# What the task asks:
Among the entries below, take the line with "#376=DIRECTION('',(0.,0.,-1.));" and the line with "#387=CIRCLE('',#386,2.);", and output them and every line between them exactly, with nothing else.

# Records for the exercise:
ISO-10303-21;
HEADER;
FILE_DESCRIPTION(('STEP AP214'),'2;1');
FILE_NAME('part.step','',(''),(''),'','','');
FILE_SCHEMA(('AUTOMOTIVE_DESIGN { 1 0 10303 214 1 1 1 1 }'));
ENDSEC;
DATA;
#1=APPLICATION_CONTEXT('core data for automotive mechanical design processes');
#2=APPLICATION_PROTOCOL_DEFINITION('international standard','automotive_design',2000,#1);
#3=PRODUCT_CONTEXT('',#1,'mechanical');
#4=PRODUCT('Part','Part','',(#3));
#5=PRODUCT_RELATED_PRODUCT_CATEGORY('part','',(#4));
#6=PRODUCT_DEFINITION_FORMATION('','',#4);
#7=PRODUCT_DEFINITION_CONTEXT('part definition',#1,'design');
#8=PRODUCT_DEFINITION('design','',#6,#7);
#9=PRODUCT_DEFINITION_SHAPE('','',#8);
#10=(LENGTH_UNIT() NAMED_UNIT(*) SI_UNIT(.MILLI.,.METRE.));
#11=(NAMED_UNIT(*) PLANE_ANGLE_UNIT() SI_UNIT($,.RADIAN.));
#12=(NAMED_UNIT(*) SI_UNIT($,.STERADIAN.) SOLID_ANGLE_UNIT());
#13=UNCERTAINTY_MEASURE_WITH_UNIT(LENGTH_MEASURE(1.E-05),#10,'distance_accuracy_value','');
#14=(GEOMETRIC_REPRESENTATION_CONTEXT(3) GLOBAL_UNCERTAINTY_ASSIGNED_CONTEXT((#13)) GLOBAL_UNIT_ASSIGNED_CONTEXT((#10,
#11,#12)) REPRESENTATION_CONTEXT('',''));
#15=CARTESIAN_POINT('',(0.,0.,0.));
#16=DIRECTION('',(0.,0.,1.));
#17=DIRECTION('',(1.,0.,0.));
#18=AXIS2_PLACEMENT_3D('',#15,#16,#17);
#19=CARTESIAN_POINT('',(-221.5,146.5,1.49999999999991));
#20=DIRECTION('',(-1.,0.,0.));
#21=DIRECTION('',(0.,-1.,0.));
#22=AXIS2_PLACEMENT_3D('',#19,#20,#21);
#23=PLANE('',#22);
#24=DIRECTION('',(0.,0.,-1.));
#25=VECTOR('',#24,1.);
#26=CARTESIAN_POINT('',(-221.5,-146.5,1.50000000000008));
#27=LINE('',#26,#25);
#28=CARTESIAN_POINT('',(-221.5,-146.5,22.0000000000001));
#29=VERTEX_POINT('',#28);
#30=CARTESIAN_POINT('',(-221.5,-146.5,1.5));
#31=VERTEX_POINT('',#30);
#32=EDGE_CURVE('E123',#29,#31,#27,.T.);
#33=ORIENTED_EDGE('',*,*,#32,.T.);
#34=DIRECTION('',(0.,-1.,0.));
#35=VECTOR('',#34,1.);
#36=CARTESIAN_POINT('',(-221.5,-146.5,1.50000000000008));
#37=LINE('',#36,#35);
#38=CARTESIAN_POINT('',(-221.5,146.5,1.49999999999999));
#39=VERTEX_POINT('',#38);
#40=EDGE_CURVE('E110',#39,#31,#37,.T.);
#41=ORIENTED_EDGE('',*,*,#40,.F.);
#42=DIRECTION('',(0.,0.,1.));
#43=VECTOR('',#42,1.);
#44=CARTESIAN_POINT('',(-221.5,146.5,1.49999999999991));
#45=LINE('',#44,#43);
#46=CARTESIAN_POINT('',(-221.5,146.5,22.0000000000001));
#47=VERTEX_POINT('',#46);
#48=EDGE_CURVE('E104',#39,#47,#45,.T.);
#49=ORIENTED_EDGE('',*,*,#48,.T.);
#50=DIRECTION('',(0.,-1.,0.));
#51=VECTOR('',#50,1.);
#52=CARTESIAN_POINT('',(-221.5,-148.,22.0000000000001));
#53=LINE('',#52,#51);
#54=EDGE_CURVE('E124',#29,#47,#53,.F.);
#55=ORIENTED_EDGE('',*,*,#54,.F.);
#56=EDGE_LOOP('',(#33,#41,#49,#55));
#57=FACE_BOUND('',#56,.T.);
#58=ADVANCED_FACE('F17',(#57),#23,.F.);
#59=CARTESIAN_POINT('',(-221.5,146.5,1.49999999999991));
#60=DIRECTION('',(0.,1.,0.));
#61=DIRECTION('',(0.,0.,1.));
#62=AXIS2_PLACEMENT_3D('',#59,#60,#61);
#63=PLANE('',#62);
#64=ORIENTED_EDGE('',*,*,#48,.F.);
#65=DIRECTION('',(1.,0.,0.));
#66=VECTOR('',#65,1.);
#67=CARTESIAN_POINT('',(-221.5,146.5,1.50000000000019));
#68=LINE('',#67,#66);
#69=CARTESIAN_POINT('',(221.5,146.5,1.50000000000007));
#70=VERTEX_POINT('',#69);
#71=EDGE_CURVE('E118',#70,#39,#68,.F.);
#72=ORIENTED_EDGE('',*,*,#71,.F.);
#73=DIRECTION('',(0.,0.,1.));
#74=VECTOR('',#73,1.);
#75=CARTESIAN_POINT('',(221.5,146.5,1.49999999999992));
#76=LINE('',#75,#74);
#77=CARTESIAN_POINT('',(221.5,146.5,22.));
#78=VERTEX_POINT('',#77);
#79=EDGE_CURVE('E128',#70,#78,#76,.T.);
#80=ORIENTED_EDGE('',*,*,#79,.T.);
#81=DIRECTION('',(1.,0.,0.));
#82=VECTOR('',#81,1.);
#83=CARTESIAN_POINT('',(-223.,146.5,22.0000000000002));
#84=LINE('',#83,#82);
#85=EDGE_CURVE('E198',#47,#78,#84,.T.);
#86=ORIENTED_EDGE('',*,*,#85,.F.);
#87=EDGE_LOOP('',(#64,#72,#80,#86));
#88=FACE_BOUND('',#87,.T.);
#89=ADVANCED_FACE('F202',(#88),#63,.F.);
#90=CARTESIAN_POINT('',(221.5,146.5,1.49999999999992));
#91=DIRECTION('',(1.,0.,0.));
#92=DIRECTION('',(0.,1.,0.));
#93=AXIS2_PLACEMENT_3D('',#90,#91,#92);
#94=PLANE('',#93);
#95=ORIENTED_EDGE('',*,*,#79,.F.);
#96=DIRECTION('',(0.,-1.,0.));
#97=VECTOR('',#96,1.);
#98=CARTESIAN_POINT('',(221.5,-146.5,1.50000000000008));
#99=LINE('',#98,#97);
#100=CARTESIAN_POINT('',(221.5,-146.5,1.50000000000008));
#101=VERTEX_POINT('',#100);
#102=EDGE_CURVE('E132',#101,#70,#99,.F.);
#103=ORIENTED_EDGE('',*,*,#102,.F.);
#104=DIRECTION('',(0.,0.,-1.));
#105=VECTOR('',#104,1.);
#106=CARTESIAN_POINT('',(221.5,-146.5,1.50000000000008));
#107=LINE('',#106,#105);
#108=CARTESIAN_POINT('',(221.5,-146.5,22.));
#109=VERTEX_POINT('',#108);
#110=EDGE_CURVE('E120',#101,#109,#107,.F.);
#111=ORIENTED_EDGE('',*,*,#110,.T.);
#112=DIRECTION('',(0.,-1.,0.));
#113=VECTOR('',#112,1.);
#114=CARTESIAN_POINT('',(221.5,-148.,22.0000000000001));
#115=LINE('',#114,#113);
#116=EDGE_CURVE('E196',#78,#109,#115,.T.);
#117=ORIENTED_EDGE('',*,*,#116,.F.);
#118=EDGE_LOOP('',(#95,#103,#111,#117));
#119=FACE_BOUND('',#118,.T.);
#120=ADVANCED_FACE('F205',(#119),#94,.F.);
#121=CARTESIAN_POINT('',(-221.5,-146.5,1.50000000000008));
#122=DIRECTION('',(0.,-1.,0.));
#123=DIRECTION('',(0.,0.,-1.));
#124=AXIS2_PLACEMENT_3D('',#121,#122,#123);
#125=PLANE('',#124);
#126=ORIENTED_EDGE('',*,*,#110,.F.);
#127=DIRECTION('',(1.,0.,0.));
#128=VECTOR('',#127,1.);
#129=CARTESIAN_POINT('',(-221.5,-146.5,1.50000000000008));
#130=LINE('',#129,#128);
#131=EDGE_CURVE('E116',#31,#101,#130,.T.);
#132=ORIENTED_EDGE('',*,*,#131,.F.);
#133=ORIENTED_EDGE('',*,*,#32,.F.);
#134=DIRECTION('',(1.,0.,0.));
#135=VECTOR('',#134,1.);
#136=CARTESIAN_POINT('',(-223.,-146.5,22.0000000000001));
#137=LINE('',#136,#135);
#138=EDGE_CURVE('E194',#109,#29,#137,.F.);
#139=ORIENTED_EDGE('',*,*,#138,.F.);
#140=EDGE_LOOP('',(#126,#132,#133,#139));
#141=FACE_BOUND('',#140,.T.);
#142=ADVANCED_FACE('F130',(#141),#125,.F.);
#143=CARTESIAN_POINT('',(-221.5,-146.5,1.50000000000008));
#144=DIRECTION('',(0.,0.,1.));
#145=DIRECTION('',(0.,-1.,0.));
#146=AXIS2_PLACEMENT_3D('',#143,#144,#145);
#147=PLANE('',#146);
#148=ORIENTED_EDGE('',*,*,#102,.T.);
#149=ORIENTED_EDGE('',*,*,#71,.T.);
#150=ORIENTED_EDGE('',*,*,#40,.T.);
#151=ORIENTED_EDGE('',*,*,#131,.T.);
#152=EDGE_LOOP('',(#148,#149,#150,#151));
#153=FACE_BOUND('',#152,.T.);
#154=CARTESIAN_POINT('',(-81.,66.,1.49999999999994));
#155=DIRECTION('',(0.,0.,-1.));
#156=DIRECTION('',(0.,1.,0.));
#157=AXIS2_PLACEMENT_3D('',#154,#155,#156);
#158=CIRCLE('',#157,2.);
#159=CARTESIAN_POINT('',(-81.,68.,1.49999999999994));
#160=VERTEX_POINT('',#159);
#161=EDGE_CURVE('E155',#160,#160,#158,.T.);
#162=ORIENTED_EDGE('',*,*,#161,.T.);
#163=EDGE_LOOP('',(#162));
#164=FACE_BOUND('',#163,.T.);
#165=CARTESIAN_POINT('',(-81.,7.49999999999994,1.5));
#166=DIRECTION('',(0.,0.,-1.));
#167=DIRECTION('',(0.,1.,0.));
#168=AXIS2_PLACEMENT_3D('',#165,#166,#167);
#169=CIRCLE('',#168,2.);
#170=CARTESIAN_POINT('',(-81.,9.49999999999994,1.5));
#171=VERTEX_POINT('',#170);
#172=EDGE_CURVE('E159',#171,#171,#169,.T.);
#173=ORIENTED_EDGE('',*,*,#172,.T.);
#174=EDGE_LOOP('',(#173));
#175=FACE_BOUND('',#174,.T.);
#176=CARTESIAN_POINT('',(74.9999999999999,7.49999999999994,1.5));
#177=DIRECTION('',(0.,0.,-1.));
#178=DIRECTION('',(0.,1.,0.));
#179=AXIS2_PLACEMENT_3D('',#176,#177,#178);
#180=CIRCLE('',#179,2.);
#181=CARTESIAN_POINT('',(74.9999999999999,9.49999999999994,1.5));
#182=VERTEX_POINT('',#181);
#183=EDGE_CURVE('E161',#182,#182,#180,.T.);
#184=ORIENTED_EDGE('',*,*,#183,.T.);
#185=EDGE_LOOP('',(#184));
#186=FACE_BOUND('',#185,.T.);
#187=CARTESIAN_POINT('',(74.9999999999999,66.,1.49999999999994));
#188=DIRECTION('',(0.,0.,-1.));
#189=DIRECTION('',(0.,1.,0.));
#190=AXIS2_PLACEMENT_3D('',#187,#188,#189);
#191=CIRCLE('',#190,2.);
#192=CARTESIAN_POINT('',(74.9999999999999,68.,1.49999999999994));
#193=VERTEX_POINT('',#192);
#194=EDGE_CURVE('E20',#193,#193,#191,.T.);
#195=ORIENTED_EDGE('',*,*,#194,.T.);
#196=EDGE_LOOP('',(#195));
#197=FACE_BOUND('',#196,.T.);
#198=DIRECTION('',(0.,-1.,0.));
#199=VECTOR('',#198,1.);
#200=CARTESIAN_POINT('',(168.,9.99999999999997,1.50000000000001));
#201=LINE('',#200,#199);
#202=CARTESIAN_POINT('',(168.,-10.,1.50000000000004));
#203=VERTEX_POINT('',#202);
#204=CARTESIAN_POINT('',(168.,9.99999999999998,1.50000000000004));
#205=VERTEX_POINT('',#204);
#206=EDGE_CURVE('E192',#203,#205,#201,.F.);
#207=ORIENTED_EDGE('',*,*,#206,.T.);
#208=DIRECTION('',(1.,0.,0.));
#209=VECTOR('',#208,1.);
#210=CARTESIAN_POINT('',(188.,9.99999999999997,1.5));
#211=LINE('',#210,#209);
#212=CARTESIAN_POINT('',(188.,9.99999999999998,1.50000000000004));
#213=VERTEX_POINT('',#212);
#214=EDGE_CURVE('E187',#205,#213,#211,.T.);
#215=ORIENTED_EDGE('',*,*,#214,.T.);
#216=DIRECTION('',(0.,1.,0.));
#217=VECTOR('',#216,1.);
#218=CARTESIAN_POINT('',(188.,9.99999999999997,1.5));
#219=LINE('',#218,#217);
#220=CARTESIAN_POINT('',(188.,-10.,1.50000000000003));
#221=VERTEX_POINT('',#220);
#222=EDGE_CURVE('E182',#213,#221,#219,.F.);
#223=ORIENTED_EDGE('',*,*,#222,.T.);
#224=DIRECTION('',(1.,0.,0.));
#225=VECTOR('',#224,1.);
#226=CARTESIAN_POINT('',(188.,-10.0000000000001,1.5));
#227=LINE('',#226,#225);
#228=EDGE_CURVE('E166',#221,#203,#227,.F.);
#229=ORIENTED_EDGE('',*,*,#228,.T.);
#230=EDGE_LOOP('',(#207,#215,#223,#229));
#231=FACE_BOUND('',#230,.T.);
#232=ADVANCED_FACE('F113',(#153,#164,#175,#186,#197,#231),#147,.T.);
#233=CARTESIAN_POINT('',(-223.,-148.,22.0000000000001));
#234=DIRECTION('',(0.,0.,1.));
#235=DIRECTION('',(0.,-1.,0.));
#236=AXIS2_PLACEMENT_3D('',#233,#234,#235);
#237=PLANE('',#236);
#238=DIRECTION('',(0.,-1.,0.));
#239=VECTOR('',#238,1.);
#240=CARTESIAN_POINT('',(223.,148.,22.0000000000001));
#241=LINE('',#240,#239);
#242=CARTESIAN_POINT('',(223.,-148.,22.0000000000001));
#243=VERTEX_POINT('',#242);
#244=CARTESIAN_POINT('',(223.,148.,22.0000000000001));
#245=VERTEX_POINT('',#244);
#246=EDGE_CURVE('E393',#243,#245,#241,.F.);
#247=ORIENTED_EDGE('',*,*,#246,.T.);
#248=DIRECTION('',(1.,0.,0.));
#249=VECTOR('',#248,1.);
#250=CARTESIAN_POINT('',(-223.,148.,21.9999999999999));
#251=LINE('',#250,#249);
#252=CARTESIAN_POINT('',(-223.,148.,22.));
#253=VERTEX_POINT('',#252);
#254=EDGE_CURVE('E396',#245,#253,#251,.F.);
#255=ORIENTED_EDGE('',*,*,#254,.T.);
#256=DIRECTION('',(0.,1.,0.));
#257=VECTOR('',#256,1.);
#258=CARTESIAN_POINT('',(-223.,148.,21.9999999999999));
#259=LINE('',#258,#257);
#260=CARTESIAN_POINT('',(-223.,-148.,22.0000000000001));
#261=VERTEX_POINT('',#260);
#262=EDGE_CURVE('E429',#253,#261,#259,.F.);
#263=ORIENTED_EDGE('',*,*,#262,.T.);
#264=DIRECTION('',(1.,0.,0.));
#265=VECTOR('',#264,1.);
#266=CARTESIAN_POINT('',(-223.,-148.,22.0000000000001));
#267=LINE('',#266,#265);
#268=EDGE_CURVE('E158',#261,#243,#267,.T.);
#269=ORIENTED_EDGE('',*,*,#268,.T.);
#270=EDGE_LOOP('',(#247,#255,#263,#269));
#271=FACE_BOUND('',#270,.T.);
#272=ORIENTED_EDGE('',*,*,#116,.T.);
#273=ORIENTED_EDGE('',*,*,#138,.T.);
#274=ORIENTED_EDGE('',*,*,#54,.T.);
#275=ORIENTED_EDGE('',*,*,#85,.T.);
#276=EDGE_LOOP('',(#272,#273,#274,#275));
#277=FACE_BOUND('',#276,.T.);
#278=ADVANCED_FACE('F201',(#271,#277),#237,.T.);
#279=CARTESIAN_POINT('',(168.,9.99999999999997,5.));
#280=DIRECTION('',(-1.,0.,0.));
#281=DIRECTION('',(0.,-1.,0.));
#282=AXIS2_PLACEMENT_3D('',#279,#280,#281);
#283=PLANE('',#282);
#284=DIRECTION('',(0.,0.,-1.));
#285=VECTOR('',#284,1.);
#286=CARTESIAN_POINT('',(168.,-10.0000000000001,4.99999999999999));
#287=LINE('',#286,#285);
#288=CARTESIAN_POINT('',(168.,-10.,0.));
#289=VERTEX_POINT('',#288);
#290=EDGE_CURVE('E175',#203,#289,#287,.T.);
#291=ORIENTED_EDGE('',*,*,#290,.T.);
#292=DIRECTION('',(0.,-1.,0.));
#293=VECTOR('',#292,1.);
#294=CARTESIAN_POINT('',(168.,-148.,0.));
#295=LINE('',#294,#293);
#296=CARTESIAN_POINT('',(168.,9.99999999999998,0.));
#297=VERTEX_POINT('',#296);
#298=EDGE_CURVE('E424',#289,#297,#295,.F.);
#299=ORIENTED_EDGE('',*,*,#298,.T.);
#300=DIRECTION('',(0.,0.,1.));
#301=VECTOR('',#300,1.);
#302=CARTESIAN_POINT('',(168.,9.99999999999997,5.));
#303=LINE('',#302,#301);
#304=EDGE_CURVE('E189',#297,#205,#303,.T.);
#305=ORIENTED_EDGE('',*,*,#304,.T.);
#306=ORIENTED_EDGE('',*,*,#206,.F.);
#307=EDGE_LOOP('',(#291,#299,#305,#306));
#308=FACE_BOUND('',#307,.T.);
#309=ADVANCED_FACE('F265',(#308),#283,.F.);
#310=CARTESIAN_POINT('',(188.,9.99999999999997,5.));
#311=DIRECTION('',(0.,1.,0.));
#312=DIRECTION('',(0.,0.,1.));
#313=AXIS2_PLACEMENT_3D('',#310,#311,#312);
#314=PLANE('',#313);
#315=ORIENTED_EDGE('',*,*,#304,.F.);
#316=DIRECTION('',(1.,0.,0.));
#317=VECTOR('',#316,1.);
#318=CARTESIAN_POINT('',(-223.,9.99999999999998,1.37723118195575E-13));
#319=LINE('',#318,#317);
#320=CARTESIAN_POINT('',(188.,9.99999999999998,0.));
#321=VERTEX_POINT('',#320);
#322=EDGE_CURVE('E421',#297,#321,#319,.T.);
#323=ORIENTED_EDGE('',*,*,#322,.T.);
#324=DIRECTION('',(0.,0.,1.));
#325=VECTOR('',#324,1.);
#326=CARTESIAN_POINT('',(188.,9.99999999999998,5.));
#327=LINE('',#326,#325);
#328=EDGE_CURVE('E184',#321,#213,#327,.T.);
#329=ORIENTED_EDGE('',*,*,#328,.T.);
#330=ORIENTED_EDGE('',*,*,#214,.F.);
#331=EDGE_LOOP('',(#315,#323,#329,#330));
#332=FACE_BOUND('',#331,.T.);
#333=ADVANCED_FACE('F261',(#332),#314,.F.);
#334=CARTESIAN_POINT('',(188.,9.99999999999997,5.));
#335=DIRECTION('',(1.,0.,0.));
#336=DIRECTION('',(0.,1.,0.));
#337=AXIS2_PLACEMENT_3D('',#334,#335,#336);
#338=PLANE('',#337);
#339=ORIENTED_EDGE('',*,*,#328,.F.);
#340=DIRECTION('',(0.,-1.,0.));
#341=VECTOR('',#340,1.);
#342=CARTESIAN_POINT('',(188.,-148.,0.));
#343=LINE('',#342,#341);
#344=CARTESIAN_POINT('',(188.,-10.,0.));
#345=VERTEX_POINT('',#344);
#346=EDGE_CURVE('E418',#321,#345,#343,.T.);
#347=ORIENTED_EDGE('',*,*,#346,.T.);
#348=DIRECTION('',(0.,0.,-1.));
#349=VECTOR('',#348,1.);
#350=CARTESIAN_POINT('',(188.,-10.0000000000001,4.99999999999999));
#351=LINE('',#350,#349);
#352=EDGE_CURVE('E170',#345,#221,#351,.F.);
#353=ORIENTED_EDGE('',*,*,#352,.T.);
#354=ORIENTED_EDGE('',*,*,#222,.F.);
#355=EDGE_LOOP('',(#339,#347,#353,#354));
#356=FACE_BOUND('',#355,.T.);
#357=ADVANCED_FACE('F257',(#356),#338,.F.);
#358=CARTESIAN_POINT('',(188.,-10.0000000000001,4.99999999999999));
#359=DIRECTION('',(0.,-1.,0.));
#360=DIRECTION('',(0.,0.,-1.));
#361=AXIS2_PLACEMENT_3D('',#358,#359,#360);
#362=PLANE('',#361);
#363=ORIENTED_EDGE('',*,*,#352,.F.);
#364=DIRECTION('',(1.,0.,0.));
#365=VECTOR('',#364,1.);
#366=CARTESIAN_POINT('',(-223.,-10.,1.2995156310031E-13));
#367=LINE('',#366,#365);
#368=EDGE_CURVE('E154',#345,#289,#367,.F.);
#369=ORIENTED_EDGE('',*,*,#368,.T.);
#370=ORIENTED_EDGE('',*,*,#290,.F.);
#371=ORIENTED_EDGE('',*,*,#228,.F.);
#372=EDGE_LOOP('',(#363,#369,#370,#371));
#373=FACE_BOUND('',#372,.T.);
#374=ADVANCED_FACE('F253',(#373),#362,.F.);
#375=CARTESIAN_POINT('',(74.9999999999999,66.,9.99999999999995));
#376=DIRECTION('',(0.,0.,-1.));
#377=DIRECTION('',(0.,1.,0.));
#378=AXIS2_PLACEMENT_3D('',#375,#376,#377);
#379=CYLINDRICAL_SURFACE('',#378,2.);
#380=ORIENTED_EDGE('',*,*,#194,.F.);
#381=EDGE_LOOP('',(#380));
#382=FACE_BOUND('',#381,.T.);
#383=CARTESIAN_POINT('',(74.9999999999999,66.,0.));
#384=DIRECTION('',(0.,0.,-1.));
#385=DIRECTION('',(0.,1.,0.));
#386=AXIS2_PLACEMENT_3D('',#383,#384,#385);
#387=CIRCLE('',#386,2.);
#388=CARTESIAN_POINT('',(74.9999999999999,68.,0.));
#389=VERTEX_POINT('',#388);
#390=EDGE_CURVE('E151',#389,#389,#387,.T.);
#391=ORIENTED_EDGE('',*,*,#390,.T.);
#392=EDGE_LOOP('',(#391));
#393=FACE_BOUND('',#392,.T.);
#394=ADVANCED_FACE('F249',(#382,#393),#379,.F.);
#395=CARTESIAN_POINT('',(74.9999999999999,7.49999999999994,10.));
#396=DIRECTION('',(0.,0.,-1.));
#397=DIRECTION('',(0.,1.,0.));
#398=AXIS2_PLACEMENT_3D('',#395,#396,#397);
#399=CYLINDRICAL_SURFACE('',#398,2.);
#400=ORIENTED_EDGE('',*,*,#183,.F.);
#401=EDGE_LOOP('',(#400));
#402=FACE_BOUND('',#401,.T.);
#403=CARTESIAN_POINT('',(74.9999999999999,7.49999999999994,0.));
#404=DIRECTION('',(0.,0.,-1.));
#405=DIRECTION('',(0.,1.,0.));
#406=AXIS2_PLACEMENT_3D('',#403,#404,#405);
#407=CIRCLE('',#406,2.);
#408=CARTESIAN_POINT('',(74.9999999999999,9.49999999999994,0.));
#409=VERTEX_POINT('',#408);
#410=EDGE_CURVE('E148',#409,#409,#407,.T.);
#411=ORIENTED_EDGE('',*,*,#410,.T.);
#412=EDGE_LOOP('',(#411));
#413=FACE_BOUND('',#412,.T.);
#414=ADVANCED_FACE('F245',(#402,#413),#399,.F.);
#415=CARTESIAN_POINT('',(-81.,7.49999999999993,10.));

# Task response:
#376=DIRECTION('',(0.,0.,-1.));
#377=DIRECTION('',(0.,1.,0.));
#378=AXIS2_PLACEMENT_3D('',#375,#376,#377);
#379=CYLINDRICAL_SURFACE('',#378,2.);
#380=ORIENTED_EDGE('',*,*,#194,.F.);
#381=EDGE_LOOP('',(#380));
#382=FACE_BOUND('',#381,.T.);
#383=CARTESIAN_POINT('',(74.9999999999999,66.,0.));
#384=DIRECTION('',(0.,0.,-1.));
#385=DIRECTION('',(0.,1.,0.));
#386=AXIS2_PLACEMENT_3D('',#383,#384,#385);
#387=CIRCLE('',#386,2.);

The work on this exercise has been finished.